> **WHAT YOU HAVE TO DO**
Go through the records below and copy out every line holding "trees".

Saved entries:
####################

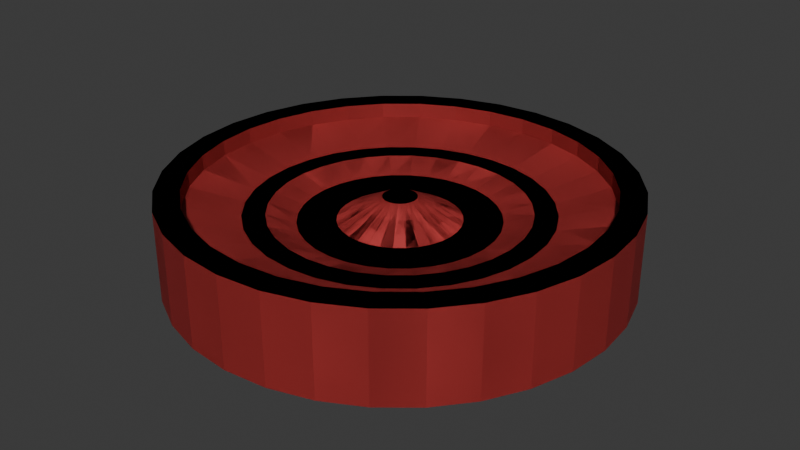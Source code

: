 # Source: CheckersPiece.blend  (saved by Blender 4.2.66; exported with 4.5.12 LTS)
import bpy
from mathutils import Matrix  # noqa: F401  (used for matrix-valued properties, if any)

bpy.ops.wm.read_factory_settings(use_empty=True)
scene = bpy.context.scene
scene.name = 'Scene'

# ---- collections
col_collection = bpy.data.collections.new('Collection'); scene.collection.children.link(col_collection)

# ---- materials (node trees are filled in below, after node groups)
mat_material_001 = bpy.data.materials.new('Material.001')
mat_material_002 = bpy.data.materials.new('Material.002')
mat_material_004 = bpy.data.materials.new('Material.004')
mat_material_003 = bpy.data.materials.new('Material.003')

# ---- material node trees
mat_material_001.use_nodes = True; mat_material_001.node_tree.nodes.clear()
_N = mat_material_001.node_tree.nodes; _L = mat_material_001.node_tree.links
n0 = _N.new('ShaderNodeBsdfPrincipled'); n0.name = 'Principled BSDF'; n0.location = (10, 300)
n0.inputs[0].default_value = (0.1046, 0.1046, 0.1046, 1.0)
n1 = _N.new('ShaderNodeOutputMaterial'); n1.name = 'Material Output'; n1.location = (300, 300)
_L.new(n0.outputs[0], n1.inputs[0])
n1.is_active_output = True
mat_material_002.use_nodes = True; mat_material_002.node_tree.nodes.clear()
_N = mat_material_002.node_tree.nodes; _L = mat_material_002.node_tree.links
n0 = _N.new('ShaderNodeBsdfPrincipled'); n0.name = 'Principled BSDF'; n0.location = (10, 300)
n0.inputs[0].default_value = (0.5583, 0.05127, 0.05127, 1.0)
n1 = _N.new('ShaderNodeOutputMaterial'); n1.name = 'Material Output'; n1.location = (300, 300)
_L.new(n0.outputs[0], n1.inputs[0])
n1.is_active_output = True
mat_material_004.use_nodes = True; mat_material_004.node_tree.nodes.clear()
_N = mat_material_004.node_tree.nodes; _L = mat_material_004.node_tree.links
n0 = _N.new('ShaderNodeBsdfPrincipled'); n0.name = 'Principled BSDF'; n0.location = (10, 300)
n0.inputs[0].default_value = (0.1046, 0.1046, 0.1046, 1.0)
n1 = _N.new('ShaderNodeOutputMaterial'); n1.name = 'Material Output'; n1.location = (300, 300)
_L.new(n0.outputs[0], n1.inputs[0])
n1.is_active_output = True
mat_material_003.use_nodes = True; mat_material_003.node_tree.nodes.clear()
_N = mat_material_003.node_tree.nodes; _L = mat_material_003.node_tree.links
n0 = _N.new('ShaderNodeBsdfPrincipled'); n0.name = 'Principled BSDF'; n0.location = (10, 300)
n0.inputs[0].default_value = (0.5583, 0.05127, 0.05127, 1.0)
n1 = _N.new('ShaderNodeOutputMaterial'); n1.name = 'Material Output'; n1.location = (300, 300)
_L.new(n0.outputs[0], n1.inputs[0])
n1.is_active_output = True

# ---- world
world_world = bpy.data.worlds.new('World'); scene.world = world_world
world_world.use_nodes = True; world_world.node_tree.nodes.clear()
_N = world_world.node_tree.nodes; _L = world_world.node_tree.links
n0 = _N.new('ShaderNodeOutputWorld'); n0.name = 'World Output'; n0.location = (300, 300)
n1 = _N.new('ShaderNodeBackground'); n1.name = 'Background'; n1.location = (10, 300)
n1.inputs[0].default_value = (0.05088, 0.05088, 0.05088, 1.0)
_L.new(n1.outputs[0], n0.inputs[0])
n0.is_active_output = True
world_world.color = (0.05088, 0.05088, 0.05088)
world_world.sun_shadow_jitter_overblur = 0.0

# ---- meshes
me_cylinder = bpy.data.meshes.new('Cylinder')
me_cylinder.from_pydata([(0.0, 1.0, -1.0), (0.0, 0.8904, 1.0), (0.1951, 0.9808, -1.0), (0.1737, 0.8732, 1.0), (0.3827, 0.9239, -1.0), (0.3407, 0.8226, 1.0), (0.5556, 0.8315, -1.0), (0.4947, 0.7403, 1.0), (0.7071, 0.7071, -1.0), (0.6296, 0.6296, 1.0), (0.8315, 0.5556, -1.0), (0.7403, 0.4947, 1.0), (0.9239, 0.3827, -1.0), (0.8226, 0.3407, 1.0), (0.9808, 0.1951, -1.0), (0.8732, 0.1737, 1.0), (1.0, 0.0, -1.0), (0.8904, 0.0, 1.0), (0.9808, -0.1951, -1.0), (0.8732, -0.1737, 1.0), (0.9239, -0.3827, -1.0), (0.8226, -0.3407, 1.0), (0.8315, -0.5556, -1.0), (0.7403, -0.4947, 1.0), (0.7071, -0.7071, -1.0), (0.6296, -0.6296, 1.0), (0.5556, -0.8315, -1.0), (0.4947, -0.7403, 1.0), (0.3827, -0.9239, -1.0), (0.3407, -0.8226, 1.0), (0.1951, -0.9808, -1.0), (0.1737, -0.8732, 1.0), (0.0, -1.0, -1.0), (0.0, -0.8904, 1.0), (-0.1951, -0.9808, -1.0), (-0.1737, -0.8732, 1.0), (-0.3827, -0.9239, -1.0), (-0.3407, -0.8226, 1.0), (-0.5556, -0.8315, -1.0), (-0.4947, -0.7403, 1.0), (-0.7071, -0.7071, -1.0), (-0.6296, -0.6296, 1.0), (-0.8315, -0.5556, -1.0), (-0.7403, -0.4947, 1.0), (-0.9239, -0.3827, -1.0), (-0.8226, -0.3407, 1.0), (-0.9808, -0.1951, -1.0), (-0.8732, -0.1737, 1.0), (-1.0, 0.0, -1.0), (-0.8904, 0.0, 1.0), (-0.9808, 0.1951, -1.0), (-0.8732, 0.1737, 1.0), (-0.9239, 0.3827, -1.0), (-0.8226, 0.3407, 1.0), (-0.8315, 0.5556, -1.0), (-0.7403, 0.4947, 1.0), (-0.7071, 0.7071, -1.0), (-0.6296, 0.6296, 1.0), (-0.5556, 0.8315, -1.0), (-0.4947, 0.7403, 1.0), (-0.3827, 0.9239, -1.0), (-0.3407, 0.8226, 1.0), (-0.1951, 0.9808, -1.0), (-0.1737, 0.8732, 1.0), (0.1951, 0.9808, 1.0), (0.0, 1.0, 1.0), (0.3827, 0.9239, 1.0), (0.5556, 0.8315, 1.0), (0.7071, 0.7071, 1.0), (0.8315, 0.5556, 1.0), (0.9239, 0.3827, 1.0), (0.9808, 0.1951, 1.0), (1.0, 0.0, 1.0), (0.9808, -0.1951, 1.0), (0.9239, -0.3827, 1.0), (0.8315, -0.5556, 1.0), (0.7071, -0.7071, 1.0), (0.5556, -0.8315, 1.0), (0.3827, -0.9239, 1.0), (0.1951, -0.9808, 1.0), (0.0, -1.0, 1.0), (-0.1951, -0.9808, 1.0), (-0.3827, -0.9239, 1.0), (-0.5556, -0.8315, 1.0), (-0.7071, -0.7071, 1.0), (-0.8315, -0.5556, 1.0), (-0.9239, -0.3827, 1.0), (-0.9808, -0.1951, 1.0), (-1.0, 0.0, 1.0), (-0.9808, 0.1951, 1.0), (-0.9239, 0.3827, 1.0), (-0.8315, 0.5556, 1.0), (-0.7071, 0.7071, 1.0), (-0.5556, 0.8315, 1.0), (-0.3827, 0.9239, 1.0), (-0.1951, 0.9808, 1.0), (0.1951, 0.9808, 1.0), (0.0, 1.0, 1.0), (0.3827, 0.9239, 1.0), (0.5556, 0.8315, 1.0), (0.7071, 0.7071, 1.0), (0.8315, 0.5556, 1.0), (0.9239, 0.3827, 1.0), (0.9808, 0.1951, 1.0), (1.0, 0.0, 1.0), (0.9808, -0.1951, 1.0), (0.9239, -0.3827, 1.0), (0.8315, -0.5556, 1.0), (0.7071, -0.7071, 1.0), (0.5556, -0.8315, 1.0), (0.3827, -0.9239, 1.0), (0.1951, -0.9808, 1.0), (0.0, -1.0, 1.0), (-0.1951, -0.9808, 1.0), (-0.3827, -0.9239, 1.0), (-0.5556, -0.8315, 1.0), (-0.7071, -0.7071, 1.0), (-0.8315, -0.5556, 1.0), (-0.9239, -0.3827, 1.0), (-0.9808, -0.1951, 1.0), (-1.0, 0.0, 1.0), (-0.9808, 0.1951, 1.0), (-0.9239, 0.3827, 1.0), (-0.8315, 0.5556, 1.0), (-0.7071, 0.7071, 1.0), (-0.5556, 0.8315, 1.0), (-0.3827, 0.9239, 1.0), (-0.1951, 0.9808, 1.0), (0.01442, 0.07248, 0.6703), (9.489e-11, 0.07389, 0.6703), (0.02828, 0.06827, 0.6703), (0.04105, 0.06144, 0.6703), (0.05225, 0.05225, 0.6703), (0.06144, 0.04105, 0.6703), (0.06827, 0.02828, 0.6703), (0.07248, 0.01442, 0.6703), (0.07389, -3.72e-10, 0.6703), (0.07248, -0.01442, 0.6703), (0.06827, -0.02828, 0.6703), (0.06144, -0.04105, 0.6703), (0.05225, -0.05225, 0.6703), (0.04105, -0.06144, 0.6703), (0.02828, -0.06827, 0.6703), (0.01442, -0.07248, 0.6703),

####################

> **EXERCISE OUTPUT**
# ---- materials (node trees are filled in below, after node groups)
# ---- material node trees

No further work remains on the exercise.